# Weird phenomenon of networking devices



## kg11sgbg (Feb 22, 2015)

To all of @TDF and also to my friend, [MENTION=126812]whitestar_999[/MENTION]
I have the following network devices at my home for usage :-->

1) D-Link DSL 2520U  ADSL2+ Modem Router
2) TP-Link TD-8817 ADSL2+ Modem Router
3) TP-Link  TL-WR740N 150Mbps Wireless N Router
4) TP-Link TG-W8951ND 150 Mbps Wireless N ADSL2+ Modem Router

5) TP-Link TL-WR740N  150Mbps Wirelss N Router*
* Used as Wireless Range Extender/Access Pont

Network : BSNL BB BBG Combo ULD 1445(2Mbps till 20GB---FUP---1Mbps unlimited.....................)

 The network connection stays stable ONLY when this arrangement is allowed/done :
                  D-Link DSL 2520U + TP-Link TL-WR740N   (1 + 3)

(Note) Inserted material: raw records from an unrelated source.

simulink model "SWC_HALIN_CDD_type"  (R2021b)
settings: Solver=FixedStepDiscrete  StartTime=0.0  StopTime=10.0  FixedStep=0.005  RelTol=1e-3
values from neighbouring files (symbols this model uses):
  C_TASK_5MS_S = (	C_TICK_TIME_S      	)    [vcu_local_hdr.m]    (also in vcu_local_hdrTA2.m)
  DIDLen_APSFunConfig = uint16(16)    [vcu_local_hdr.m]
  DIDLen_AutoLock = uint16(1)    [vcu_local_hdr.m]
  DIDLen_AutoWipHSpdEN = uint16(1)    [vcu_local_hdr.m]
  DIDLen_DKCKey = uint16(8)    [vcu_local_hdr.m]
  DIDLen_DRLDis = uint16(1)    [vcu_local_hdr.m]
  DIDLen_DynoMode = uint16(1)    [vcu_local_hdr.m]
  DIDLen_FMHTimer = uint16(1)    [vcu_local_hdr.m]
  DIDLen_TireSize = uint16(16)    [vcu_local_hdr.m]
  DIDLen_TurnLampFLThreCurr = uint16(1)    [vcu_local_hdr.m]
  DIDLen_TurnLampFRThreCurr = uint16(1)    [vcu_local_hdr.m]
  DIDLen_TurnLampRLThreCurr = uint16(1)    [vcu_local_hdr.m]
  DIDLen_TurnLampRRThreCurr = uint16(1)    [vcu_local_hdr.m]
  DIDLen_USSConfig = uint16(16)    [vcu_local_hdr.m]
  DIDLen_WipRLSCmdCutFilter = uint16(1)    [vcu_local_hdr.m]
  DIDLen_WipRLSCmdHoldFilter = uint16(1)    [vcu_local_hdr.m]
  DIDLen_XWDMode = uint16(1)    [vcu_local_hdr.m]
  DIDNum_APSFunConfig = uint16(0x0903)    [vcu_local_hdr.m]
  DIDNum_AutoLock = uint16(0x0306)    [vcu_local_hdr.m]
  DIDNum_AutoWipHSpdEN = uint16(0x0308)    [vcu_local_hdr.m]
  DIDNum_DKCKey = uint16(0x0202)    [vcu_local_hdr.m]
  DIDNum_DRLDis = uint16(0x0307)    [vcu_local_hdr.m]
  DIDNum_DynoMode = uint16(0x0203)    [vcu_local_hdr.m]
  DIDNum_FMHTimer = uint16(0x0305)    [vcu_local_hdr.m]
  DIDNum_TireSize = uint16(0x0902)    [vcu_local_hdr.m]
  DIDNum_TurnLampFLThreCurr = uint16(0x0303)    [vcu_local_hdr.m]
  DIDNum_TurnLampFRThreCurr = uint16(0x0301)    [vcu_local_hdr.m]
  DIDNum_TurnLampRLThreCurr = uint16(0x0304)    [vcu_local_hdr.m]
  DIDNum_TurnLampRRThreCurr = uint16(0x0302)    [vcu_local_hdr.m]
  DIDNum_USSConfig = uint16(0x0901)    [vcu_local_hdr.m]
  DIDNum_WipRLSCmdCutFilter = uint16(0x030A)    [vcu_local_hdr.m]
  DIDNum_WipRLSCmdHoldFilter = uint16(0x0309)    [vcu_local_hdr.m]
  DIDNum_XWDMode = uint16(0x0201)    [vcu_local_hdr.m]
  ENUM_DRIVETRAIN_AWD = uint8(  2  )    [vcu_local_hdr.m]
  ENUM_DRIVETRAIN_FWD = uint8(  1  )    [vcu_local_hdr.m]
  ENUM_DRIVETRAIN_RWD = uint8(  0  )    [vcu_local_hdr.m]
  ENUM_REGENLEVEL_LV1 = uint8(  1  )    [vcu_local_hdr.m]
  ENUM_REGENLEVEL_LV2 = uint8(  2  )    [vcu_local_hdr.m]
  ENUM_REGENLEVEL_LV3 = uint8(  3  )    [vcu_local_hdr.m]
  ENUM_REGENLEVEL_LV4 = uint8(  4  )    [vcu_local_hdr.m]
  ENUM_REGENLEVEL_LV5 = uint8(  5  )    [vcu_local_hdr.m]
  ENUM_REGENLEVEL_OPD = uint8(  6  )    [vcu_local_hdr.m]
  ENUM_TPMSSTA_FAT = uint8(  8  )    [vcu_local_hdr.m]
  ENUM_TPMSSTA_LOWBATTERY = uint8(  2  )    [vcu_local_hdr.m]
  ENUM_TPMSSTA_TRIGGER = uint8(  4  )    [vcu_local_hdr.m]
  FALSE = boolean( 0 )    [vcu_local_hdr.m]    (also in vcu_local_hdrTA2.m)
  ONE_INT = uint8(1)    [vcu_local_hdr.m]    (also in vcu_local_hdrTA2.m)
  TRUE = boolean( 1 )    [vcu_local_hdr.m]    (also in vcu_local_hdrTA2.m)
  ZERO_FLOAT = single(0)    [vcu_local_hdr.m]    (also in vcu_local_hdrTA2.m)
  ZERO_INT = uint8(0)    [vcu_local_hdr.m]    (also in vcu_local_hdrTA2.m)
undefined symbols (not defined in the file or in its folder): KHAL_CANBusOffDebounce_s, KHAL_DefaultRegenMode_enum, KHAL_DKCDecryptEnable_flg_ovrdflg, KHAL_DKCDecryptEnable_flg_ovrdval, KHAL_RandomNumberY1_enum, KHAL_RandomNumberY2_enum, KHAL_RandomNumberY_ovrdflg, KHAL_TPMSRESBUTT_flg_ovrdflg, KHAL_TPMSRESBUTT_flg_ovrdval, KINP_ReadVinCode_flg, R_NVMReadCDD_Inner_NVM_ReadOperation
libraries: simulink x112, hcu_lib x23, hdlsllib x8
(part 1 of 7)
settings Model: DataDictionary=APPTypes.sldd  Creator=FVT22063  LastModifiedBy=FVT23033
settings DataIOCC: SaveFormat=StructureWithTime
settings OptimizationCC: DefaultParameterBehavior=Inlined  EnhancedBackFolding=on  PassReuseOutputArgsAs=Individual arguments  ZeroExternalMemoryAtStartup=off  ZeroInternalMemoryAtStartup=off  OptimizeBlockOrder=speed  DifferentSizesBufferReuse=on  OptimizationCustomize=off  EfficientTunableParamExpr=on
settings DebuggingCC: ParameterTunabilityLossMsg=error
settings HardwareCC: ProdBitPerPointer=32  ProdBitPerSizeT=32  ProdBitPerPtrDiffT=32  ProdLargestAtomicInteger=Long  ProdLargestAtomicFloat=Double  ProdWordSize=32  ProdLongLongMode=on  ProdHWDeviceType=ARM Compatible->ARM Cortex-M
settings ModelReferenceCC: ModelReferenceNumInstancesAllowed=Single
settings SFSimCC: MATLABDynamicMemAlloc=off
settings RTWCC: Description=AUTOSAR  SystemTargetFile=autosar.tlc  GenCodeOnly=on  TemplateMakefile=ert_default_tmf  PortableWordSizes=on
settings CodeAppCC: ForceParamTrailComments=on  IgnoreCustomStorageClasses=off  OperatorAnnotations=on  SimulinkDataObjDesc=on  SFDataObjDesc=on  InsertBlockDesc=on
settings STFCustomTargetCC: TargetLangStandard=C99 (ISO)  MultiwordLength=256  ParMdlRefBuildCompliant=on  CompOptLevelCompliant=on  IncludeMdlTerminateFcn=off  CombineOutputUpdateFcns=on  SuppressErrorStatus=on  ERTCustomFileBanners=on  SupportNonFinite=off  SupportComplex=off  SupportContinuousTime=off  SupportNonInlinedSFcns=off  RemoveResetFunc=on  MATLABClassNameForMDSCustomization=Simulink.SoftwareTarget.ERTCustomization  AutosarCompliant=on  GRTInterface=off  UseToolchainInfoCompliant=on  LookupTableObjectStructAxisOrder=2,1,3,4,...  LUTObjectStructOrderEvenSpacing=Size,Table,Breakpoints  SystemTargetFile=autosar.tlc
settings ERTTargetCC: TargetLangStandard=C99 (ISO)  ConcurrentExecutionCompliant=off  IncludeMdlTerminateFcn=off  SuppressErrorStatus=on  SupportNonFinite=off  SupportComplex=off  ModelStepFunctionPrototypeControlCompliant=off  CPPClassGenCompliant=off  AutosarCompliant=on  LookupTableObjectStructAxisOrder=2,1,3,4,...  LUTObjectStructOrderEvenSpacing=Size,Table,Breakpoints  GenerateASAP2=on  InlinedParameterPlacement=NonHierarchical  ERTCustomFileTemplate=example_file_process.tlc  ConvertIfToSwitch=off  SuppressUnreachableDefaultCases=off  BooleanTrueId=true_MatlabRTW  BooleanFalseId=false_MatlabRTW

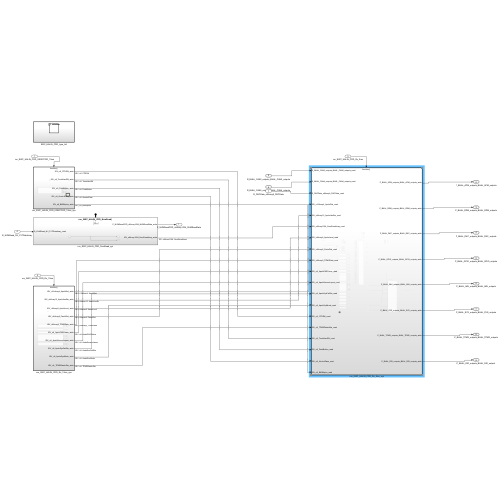
[thumbnail: Simulink's stored preview of the top-level diagram]
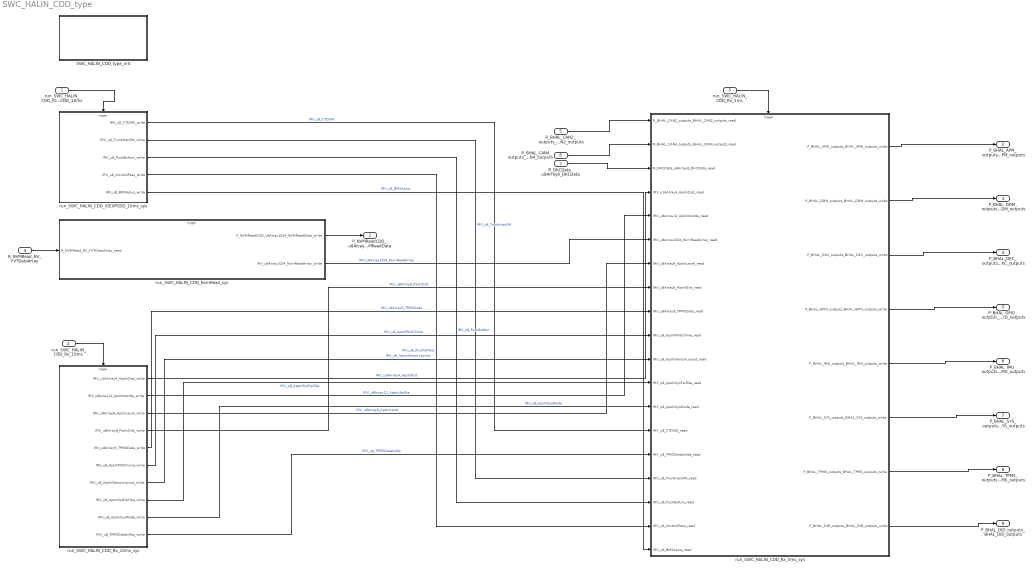
== system SWC_HALIN_CDD_type ==
  run_SWC_HALIN_CDD_IOEXPCDD_10ms : Inport  SampleTime=0.01  OutputFunctionCall=on
  run_SWC_HALIN_CDD_Rx_10ms : Inport  Port=2  SampleTime=0.01  OutputFunctionCall=on
  run_SWC_HALIN_CDD_Rx_5ms : Inport  Port=3  SampleTime=0.005  OutputFunctionCall=on
  R_NVMRead_NV_FVTDataArray : Inport  Port=4  OutDataTypeStr=uint8  PortDimensions=1024
  R_BHAL_CAN2_outputs_BHAL_CAN2_outputs : Inport  Port=5  OutDataTypeStr=Bus: BHAL_CAN2_outputs  PortDimensions=1  BusOutputAsStruct=on
  R_BHAL_CAN4_outputs_BHAL_CAN4_outputs : Inport  Port=6  OutDataTypeStr=Bus: BHAL_CAN4_outputs  PortDimensions=1  BusOutputAsStruct=on
  R_DKCData_u8Array8_DKCData : Inport  Port=7  OutDataTypeStr=uint8  PortDimensions=8
  SWC_HALIN_CDD_type_Init : Subsystem
  run_SWC_HALIN_CDD_IOEXPCDD_10ms_sys : Subsystem
  run_SWC_HALIN_CDD_NvmRead_sys : Subsystem
  run_SWC_HALIN_CDD_Rx_10ms_sys : Subsystem
  run_SWC_HALIN_CDD_Rx_5ms_sys : Subsystem
  P_NVMReadCDD_u8Array1024_NVMReadData : Outport  OutDataTypeStr=uint8  PortDimensions=1024
  P_BHAL_APM_outputs_BHAL_APM_outputs : Outport  Port=2  OutDataTypeStr=Bus: BHAL_APM_outputs  PortDimensions=1  BusOutputAsStruct=on
  P_BHAL_DDM_outputs_BHAL_DDM_outputs : Outport  Port=3  OutDataTypeStr=Bus: BHAL_DDM_outputs  PortDimensions=1  BusOutputAsStruct=on
  P_BHAL_DKC_outputs_BHAL_DKC_outputs : Outport  Port=4  OutDataTypeStr=Bus: BHAL_DKC_outputs  PortDimensions=1  BusOutputAsStruct=on
  P_BHAL_GPIO_outputs_BHAL_GPIO_outputs : Outport  Port=5  OutDataTypeStr=Bus: BHAL_GPIO_outputs  PortDimensions=1  BusOutputAsStruct=on
  P_BHAL_IMU_outputs_BHAL_IMU_outputs : Outport  Port=6  OutDataTypeStr=Bus: BHAL_IMU_outputs  PortDimensions=1  BusOutputAsStruct=on
  P_BHAL_SYS_outputs_BHAL_SYS_outputs : Outport  Port=7  OutDataTypeStr=Bus: BHAL_SYS_outputs  PortDimensions=1  BusOutputAsStruct=on
  P_BHAL_TPMS_outputs_BHAL_TPMS_outputs : Outport  Port=8  OutDataTypeStr=Bus: BHAL_TPMS_outputs  PortDimensions=1  BusOutputAsStruct=on
  P_BHAL_DID_outputs_BHAL_DID_outputs : Outport  Port=9  OutDataTypeStr=Bus: BHAL_DID_outputs  PortDimensions=1  BusOutputAsStruct=on
  wires:
  R_NVMRead_NV_FVTDataArray/1 -> run_SWC_HALIN_CDD_NvmRead_sys/1(R_NVMRead_NV_FVTDataArray_read)
  run_SWC_HALIN_CDD_NvmRead_sys/1(P_NVMReadCDD_u8Array1024_NVMReadData_write) -> P_NVMReadCDD_u8Array1024_NVMReadData/1
  R_BHAL_CAN2_outputs_BHAL_CAN2_outputs/1 -> run_SWC_HALIN_CDD_Rx_5ms_sys/1(R_BHAL_CAN2_outputs_BHAL_CAN2_outputs_read)
  R_BHAL_CAN4_outputs_BHAL_CAN4_outputs/1 -> run_SWC_HALIN_CDD_Rx_5ms_sys/2(R_BHAL_CAN4_outputs_BHAL_CAN4_outputs_read)
  R_DKCData_u8Array8_DKCData/1 -> run_SWC_HALIN_CDD_Rx_5ms_sys/3(R_DKCData_u8Array8_DKCData_read)
  run_SWC_HALIN_CDD_Rx_5ms_sys/1(P_BHAL_APM_outputs_BHAL_APM_outputs_write) -> P_BHAL_APM_outputs_BHAL_APM_outputs/1
  run_SWC_HALIN_CDD_Rx_5ms_sys/2(P_BHAL_DDM_outputs_BHAL_DDM_outputs_write) -> P_BHAL_DDM_outputs_BHAL_DDM_outputs/1
  run_SWC_HALIN_CDD_Rx_5ms_sys/3(P_BHAL_DKC_outputs_BHAL_DKC_outputs_write) -> P_BHAL_DKC_outputs_BHAL_DKC_outputs/1
  run_SWC_HALIN_CDD_Rx_5ms_sys/4(P_BHAL_GPIO_outputs_BHAL_GPIO_outputs_write) -> P_BHAL_GPIO_outputs_BHAL_GPIO_outputs/1
  run_SWC_HALIN_CDD_Rx_5ms_sys/5(P_BHAL_IMU_outputs_BHAL_IMU_outputs_write) -> P_BHAL_IMU_outputs_BHAL_IMU_outputs/1
  run_SWC_HALIN_CDD_Rx_5ms_sys/6(P_BHAL_SYS_outputs_BHAL_SYS_outputs_write) -> P_BHAL_SYS_outputs_BHAL_SYS_outputs/1
  run_SWC_HALIN_CDD_Rx_5ms_sys/7(P_BHAL_TPMS_outputs_BHAL_TPMS_outputs_write) -> P_BHAL_TPMS_outputs_BHAL_TPMS_outputs/1
  run_SWC_HALIN_CDD_Rx_5ms_sys/8(P_BHAL_DID_outputs_BHAL_DID_outputs_write) -> P_BHAL_DID_outputs_BHAL_DID_outputs/1
  run_SWC_HALIN_CDD_IOEXPCDD_10ms_sys/1(IRV_u8_CTDSW_write) -> run_SWC_HALIN_CDD_Rx_5ms_sys/14(IRV_u8_CTDSW_read)  "IRV_u8_CTDSW"
  run_SWC_HALIN_CDD_IOEXPCDD_10ms_sys/2(IRV_u8_TrunkHanSW_write) -> run_SWC_HALIN_CDD_Rx_5ms_sys/16(IRV_u8_TrunkHanSW_read)  "IRV_u8_TrunkHanSW"
  run_SWC_HALIN_CDD_IOEXPCDD_10ms_sys/3(IRV_u8_PushButton_write) -> run_SWC_HALIN_CDD_Rx_5ms_sys/17(IRV_u8_PushButton_read)  "IRV_u8_PushButton"
  run_SWC_HALIN_CDD_IOEXPCDD_10ms_sys/4(IRV_u8_AlcoholPass_write) -> run_SWC_HALIN_CDD_Rx_5ms_sys/18(IRV_u8_AlcoholPass_read)  "IRV_u8_AlcoholPass"
  run_SWC_HALIN_CDD_NvmRead_sys/2(IRV_u8Array1024_NvmReadArray_write) -> run_SWC_HALIN_CDD_Rx_5ms_sys/6(IRV_u8Array1024_NvmReadArray_read)  "IRV_u8Array1024_NvmReadArray"
  run_SWC_HALIN_CDD_Rx_10ms_sys/1(IRV_u16Array4_ApsInDist_write) -> run_SWC_HALIN_CDD_Rx_5ms_sys/4(IRV_u16Array4_ApsInDist_read)  "IRV_u16Array4_ApsInDist"
  run_SWC_HALIN_CDD_Rx_10ms_sys/2(IRV_u8Array12_ApsInUssSta_write) -> run_SWC_HALIN_CDD_Rx_5ms_sys/5(IRV_u8Array12_ApsInUssSta_read)  "IRV_u8Array12_ApsInUssSta"
  run_SWC_HALIN_CDD_Rx_10ms_sys/3(IRV_u8Array8_ApsInLevel_write) -> run_SWC_HALIN_CDD_Rx_5ms_sys/7(IRV_u8Array8_ApsInLevel_read)  "IRV_u8Array8_ApsInLevel"
  run_SWC_HALIN_CDD_Rx_10ms_sys/4(IRV_u8Array8_PasInDist_write) -> run_SWC_HALIN_CDD_Rx_5ms_sys/8(IRV_u8Array8_PasInDist_read)  "IRV_u8Array8_PasInDist"
  run_SWC_HALIN_CDD_Rx_10ms_sys/5(IRV_u8Array9_TPMSData_write) -> run_SWC_HALIN_CDD_Rx_5ms_sys/9(IRV_u8Array9_TPMSData_read)  "IRV_u8Array9_TPMSData"
  run_SWC_HALIN_CDD_Rx_10ms_sys/6(IRV_u8_ApsInPASChime_write) -> run_SWC_HALIN_CDD_Rx_5ms_sys/10(IRV_u8_ApsInPASChime_read)  "IRV_u8_ApsInPASChime"
  run_SWC_HALIN_CDD_Rx_10ms_sys/7(IRV_u8_ApsInSensorLayout_write) -> run_SWC_HALIN_CDD_Rx_5ms_sys/11(IRV_u8_ApsInSensorLayout_read)  "IRV_u8_ApsInSensorLayout"
  run_SWC_HALIN_CDD_Rx_10ms_sys/8(IRV_u8_ApsInSysFailSta_write) -> run_SWC_HALIN_CDD_Rx_5ms_sys/12(IRV_u8_ApsInSysFailSta_read)  "IRV_u8_ApsInSysFailSta"
  run_SWC_HALIN_CDD_Rx_10ms_sys/9(IRV_u8_ApsInSysMode_write) -> run_SWC_HALIN_CDD_Rx_5ms_sys/13(IRV_u8_ApsInSysMode_read)  "IRV_u8_ApsInSysMode"
  run_SWC_HALIN_CDD_Rx_10ms_sys/10(IRV_u8_TPMSDataInSta_write) -> run_SWC_HALIN_CDD_Rx_5ms_sys/15(IRV_u8_TPMSDataInSta_read)  "IRV_u8_TPMSDataInSta"
  run_SWC_HALIN_CDD_IOEXPCDD_10ms/1 -> run_SWC_HALIN_CDD_IOEXPCDD_10ms_sys/Trigger
  run_SWC_HALIN_CDD_Rx_10ms/1 -> run_SWC_HALIN_CDD_Rx_10ms_sys/Trigger
  run_SWC_HALIN_CDD_Rx_5ms/1 -> run_SWC_HALIN_CDD_Rx_5ms_sys/Trigger
  run_SWC_HALIN_CDD_IOEXPCDD_10ms_sys/5(IRV_u8_BMSAplus_write) -> run_SWC_HALIN_CDD_Rx_5ms_sys/19(IRV_u8_BMSAplus_read)  "IRV_u8_BMSAplus"

== system SWC_HALIN_CDD_type/SWC_HALIN_CDD_type_Init ==
  Event Listener : EventListener  EventName=reset

== system SWC_HALIN_CDD_type/run_SWC_HALIN_CDD_IOEXPCDD_10ms_sys ==
  function : TriggerPort  TriggerType=function-call  VariantControl=(inherit)  SampleTimeType=periodic  SampleTime=-1
  R_IOExpIN_CDD_CSOP_IOExpGetVal : FunctionCaller  FunctionPrototype=[u8_CTDSW,u8_TrunkHanSW,u8_PushButton,u8_AlcoholPass,u8_BMSAplus] = R_IOExpIN_CDD_CSOP_IOExpGetVal()  OutputArgumentSpecifications=uint8(1), uint8(1), uint8(1), uint8(1), uint8(1)
  IRV_u8_CTDSW_write : Outport  OutDataTypeStr=uint8  PortDimensions=1
  IRV_u8_TrunkHanSW_write : Outport  Port=2  OutDataTypeStr=uint8  PortDimensions=1
  IRV_u8_PushButton_write : Outport  Port=3  OutDataTypeStr=uint8  PortDimensions=1
  IRV_u8_AlcoholPass_write : Outport  Port=4  OutDataTypeStr=uint8  PortDimensions=1
  IRV_u8_BMSAplus_write : Outport  Port=5  OutDataTypeStr=uint8  PortDimensions=1
  wires:
  R_IOExpIN_CDD_CSOP_IOExpGetVal/1 -> IRV_u8_CTDSW_write/1
  R_IOExpIN_CDD_CSOP_IOExpGetVal/2 -> IRV_u8_TrunkHanSW_write/1
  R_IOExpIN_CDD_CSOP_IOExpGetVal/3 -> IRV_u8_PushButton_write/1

 Problem  :------->   But Network disrupts,no Internet connection, i.e. DSL and Internet lights remain off after 3~4 days ,after running normally, if I allow this setup(s)

                   TP-Link TD-8817 + TP-Link TL-WR740N  (2+3)

                                            OR

                  TP-Link TG-W8951ND

Why is this problem???????????????????????????????????????????????????????????????????????????????????????


----------



## whitestar_999 (Feb 23, 2015)

compare snr & attn values for both setup.


----------



## kg11sgbg (Mar 14, 2015)

^@whitestar_999, friend the status of TP-Link TG-W8951ND just now :--->
*img661.imageshack.us/img661/714/VQEufo.png

- - - Updated - - -

Is there any problem with the "Fail" statements as shown :--->
*img908.imageshack.us/img908/7370/Xz4xMY.png

- - - Updated - - -

About the bridge interface,should it be enabled or disabled???

*img537.imageshack.us/img537/224/DJOmpw.png


----------



## whitestar_999 (Mar 14, 2015)

if it is selected by default when choosing isp type as pppoe then it is correct.


----------



## kg11sgbg (Mar 14, 2015)

whitestar_999 said:


> if it is selected by default when choosing isp type as pppoe then it is correct.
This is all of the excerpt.